Exercise material:
Start of Block

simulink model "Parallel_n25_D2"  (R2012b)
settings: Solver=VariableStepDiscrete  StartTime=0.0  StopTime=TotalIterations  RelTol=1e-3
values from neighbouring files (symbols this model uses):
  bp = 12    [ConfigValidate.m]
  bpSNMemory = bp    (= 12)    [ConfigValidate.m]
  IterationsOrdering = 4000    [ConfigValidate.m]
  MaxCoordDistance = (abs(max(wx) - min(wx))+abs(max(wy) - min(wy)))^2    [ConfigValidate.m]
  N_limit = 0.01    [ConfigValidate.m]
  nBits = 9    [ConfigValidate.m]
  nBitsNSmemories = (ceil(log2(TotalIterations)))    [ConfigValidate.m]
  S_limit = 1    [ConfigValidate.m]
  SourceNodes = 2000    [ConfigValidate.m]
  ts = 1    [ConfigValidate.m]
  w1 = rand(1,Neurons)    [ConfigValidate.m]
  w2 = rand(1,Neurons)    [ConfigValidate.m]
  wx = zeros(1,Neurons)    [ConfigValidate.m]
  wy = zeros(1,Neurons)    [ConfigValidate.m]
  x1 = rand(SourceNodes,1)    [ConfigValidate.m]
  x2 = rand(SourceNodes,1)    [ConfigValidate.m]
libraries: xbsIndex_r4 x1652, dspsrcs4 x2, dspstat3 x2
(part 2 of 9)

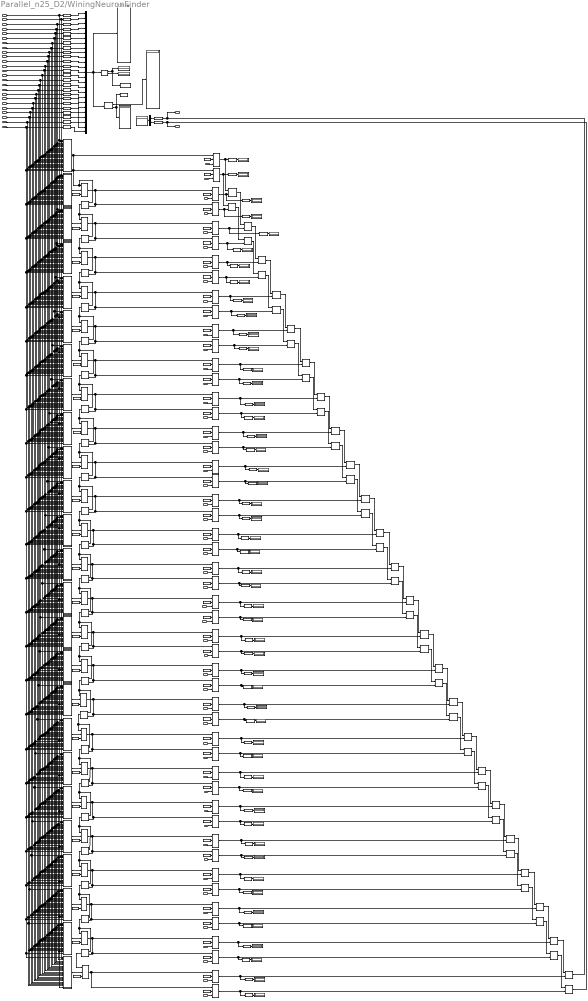
== system Parallel_n25_D2/WiningNeuronFinder ==
  dist_k1 : Inport
  dist_k2 : Inport  Port=2
  dist_k3 : Inport  Port=3
  dist_k4 : Inport  Port=4
  dist_k5 : Inport  Port=5
  dist_k6 : Inport  Port=6
  dist_k7 : Inport  Port=7
  dist_k8 : Inport  Port=8
  dist_k9 : Inport  Port=9
  dist_k10 : Inport  Port=10
  dist_k11 : Inport  Port=11
  dist_k12 : Inport  Port=12
  dist_k13 : Inport  Port=13
  dist_k14 : Inport  Port=14
  dist_k15 : Inport  Port=15
  dist_k16 : Inport  Port=16
  dist_k17 : Inport  Port=17
  dist_k18 : Inport  Port=18
  dist_k19 : Inport  Port=19
  dist_k20 : Inport  Port=20
  dist_k21 : Inport  Port=21
  dist_k22 : Inport  Port=22
  dist_k23 : Inport  Port=23
  dist_k24 : Inport  Port=24
  dist_k25 : Inport  Port=25
  wx_1 : Inport  Port=26
  wy_1 : Inport  Port=27
  wx_2 : Inport  Port=28
  wy_2 : Inport  Port=29
  wx_3 : Inport  Port=30
  wy_3 : Inport  Port=31
  wx_4 : Inport  Port=32
  wy_4 : Inport  Port=33
  wx_5 : Inport  Port=34
  wy_5 : Inport  Port=35
  wx_6 : Inport  Port=36
  wy_6 : Inport  Port=37
  wx_7 : Inport  Port=38
  wy_7 : Inport  Port=39
  wx_8 : Inport  Port=40
  wy_8 : Inport  Port=41
  wx_9 : Inport  Port=42
  wy_9 : Inport  Port=43
  wx_10 : Inport  Port=44
  wy_10 : Inport  Port=45
  wx_11 : Inport  Port=46
  wy_11 : Inport  Port=47
  wx_12 : Inport  Port=48
  wy_12 : Inport  Port=49
  wx_13 : Inport  Port=50
  wy_13 : Inport  Port=51
  wx_14 : Inport  Port=52
  wy_14 : Inport  Port=53
  wx_15 : Inport  Port=54
  wy_15 : Inport  Port=55
  wx_16 : Inport  Port=56
  wy_16 : Inport  Port=57
  wx_17 : Inport  Port=58
  wy_17 : Inport  Port=59
  wx_18 : Inport  Port=60
  wy_18 : Inport  Port=61
  wx_19 : Inport  Port=62
  wy_19 : Inport  Port=63
  wx_20 : Inport  Port=64
  wy_20 : Inport  Port=65
  wx_21 : Inport  Port=66
  wy_21 : Inport  Port=67
  wx_22 : Inport  Port=68
  wy_22 : Inport  Port=69
  wx_23 : Inport  Port=70
  wy_23 : Inport  Port=71
  wx_24 : Inport  Port=72
  wy_24 : Inport  Port=73
  wx_25 : Inport  Port=74
  wy_25 : Inport  Port=75
  Display{,1..55} (56 alike) : Display
  Gateway Out{,1..24,27..78} (77 alike) : xbsIndex_r4/Gateway Out  inherit_from_input=off  hdl_port=off  timing_constraint=None  locs_specified=off  LOCs={}  UseAsDAC=off  DACChannel='1'  block_type=gatewayout
  Logical{,1..22} (23 alike) : xbsIndex_r4/Logical  logical_function=OR  inputs=2  en=off  latency=0  precision=Full  arith_type=Unsigned  n_bits=16  bin_pt=0  align_bp=on  dbl_ovrd=off  block_type=logical
  LowerDist_n1 : Subsystem
  LowerDist_n10 : Subsystem
  LowerDist_n11 : Subsystem
  LowerDist_n12 : Subsystem
  LowerDist_n13 : Subsystem
  LowerDist_n14 : Subsystem
  LowerDist_n15 : Subsystem
  LowerDist_n16 : Subsystem
  LowerDist_n17 : Subsystem
  LowerDist_n18 : Subsystem
  LowerDist_n19 : Subsystem
  LowerDist_n2 : Subsystem
  LowerDist_n20 : Subsystem
  LowerDist_n21 : Subsystem
  LowerDist_n22 : Subsystem
  LowerDist_n23 : Subsystem
  LowerDist_n24 : Subsystem
  LowerDist_n25 : Subsystem
  LowerDist_n3 : Subsystem
  LowerDist_n4 : Subsystem
  LowerDist_n5 : Subsystem
  LowerDist_n6 : Subsystem
  LowerDist_n7 : Subsystem
  LowerDist_n8 : Subsystem
  LowerDist_n9 : Subsystem
  Minimum : dspstat3/Minimum  fcn=Value and Index  reset=None  InputProcessing=Columns as channels (frame based)  indexBase=One  operateOver=Each column  Dimension=1  colComp=on  operation=minimum  roiEnable=off  roiType=Rectangles  roiPortion=Entire ROI  roiOutput=Individual statistics for each ROI  roiFlag=off  roundingMode=Floor  overflowMode=off
  Mux : Mux  Inputs=25
  Mux2 : Mux  Inputs=2
  Sort : dspstat3/Sort  otype=Value and Index  dir=Ascending  sortAlg=Quick sort  accumDataTypeStr=Inherit: Same as product output  accumLastDataTypeStr=Inherit: Same as product output  roundingMode=Floor  overflowMode=off
  Sum_wxWinning_n{1..48} (48 alike) : xbsIndex_r4/AddSub  mode=Addition  use_carryin=off  use_carryout=off  en=off  latency=dAdd_CooperatingProcess  precision=User Defined  arith_type=Unsigned  n_bits=nbCoord  bin_pt=bpCoord  quantization=Truncate  overflow=Wrap  dbl_ovrd=off  use_behavioral_HDL=off  hw_selection=Fabric  pipelined=off  block_type=addsub
  To Workspace : ToWorkspace  VariableName=win_histH  SampleTime=ts
  To Workspace1 : ToWorkspace  VariableName=win_distH  SampleTime=ts
  wy_doMenor{,1..73} (74 alike) : xbsIndex_r4/Mux  inputs=2  en=off  latency=dMUX_CompetitiveProcess  precision=Full  arith_type=Unsigned  n_bits=16  bin_pt=14  quantization=Truncate  overflow=Wrap  dbl_ovrd=off  block_type=mux
  zero{,1..49} (50 alike) : xbsIndex_r4/Constant  const=0  gui_display_data_type=Fixed-point  arith_type=Unsigned  n_bits=nbCoord  bin_pt=bpCoord  preci_type=Single  exp_width=8  frac_width=24  explicit_period=on  period=ts  equ=P=C  opselect=C  inp2=PCIN>>17  opr=+  inp1=P  carry=CIN  dbl_ovrd=off  block_type=constant
  zero{50..73} (24 alike) : xbsIndex_r4/Constant  const=0  gui_display_data_type=Boolean  arith_type=Boolean  n_bits=nbCoord  bin_pt=bpCoord  preci_type=Single  exp_width=8  frac_width=24  explicit_period=on  period=ts  equ=P=C  opselect=C  inp2=PCIN>>17  opr=+  inp1=P  carry=CIN  dbl_ovrd=off  block_type=constant
  WinningNeuron_wx : Outport
  WinningNeuron_wy : Outport  Port=2
  wires:
  dist_k6/1 -> LowerDist_n25/6(In6), LowerDist_n24/6(In6), LowerDist_n23/6(In6), LowerDist_n22/6(In6), LowerDist_n21/6(In6), LowerDist_n20/6(In6), LowerDist_n19/6(In6), LowerDist_n18/6(In6), LowerDist_n17/6(In6), LowerDist_n16/6(In6), LowerDist_n15/6(In6), LowerDist_n14/6(In6), LowerDist_n13/6(In6), LowerDist_n12/6(In6), LowerDist_n11/6(In6), LowerDist_n10/6(In6), LowerDist_n9/6(In6), LowerDist_n8/6(In6), LowerDist_n7/6(In6), LowerDist_n6/1(In1), LowerDist_n5/6(In6), LowerDist_n4/6(In6), LowerDist_n3/6(In6), LowerDist_n2/6(In6), LowerDist_n1/6(In6), Gateway Out5/1
  wy_1/1 -> wy_doMenor1/3
  wx_2/1 -> wy_doMenor2/3
  wy_2/1 -> wy_doMenor3/3
  wx_3/1 -> wy_doMenor4/3
  wy_3/1 -> wy_doMenor5/3
  wx_4/1 -> wy_doMenor6/3
  wy_4/1 -> wy_doMenor7/3
  wx_5/1 -> wy_doMenor8/3
  wy_5/1 -> wy_doMenor9/3
  wx_6/1 -> wy_doMenor10/3
  wy_6/1 -> wy_doMenor11/3
  wx_7/1 -> wy_doMenor12/3
  wy_7/1 -> wy_doMenor13/3
  wx_8/1 -> wy_doMenor14/3
  wy_8/1 -> wy_doMenor15/3
  wx_9/1 -> wy_doMenor16/3
  wy_9/1 -> wy_doMenor17/3
  wx_10/1 -> wy_doMenor18/3
  wy_10/1 -> wy_doMenor19/3
  wx_11/1 -> wy_doMenor20/3
  wy_11/1 -> wy_doMenor21/3
  wx_12/1 -> wy_doMenor22/3
  wy_12/1 -> wy_doMenor23/3
  wx_13/1 -> wy_doMenor24/3
  wy_13/1 -> wy_doMenor25/3
  wx_14/1 -> wy_doMenor26/3
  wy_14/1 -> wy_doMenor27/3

End of Block

Aim of the exercise: In your answer, include only the lines above starting at the line that holds "LowerDist_n4 : Subsystem" and ending at the line that holds "LowerDist_n9 : Subsystem", copied exactly.

The completed task:
  LowerDist_n4 : Subsystem
  LowerDist_n5 : Subsystem
  LowerDist_n6 : Subsystem
  LowerDist_n7 : Subsystem
  LowerDist_n8 : Subsystem
  LowerDist_n9 : Subsystem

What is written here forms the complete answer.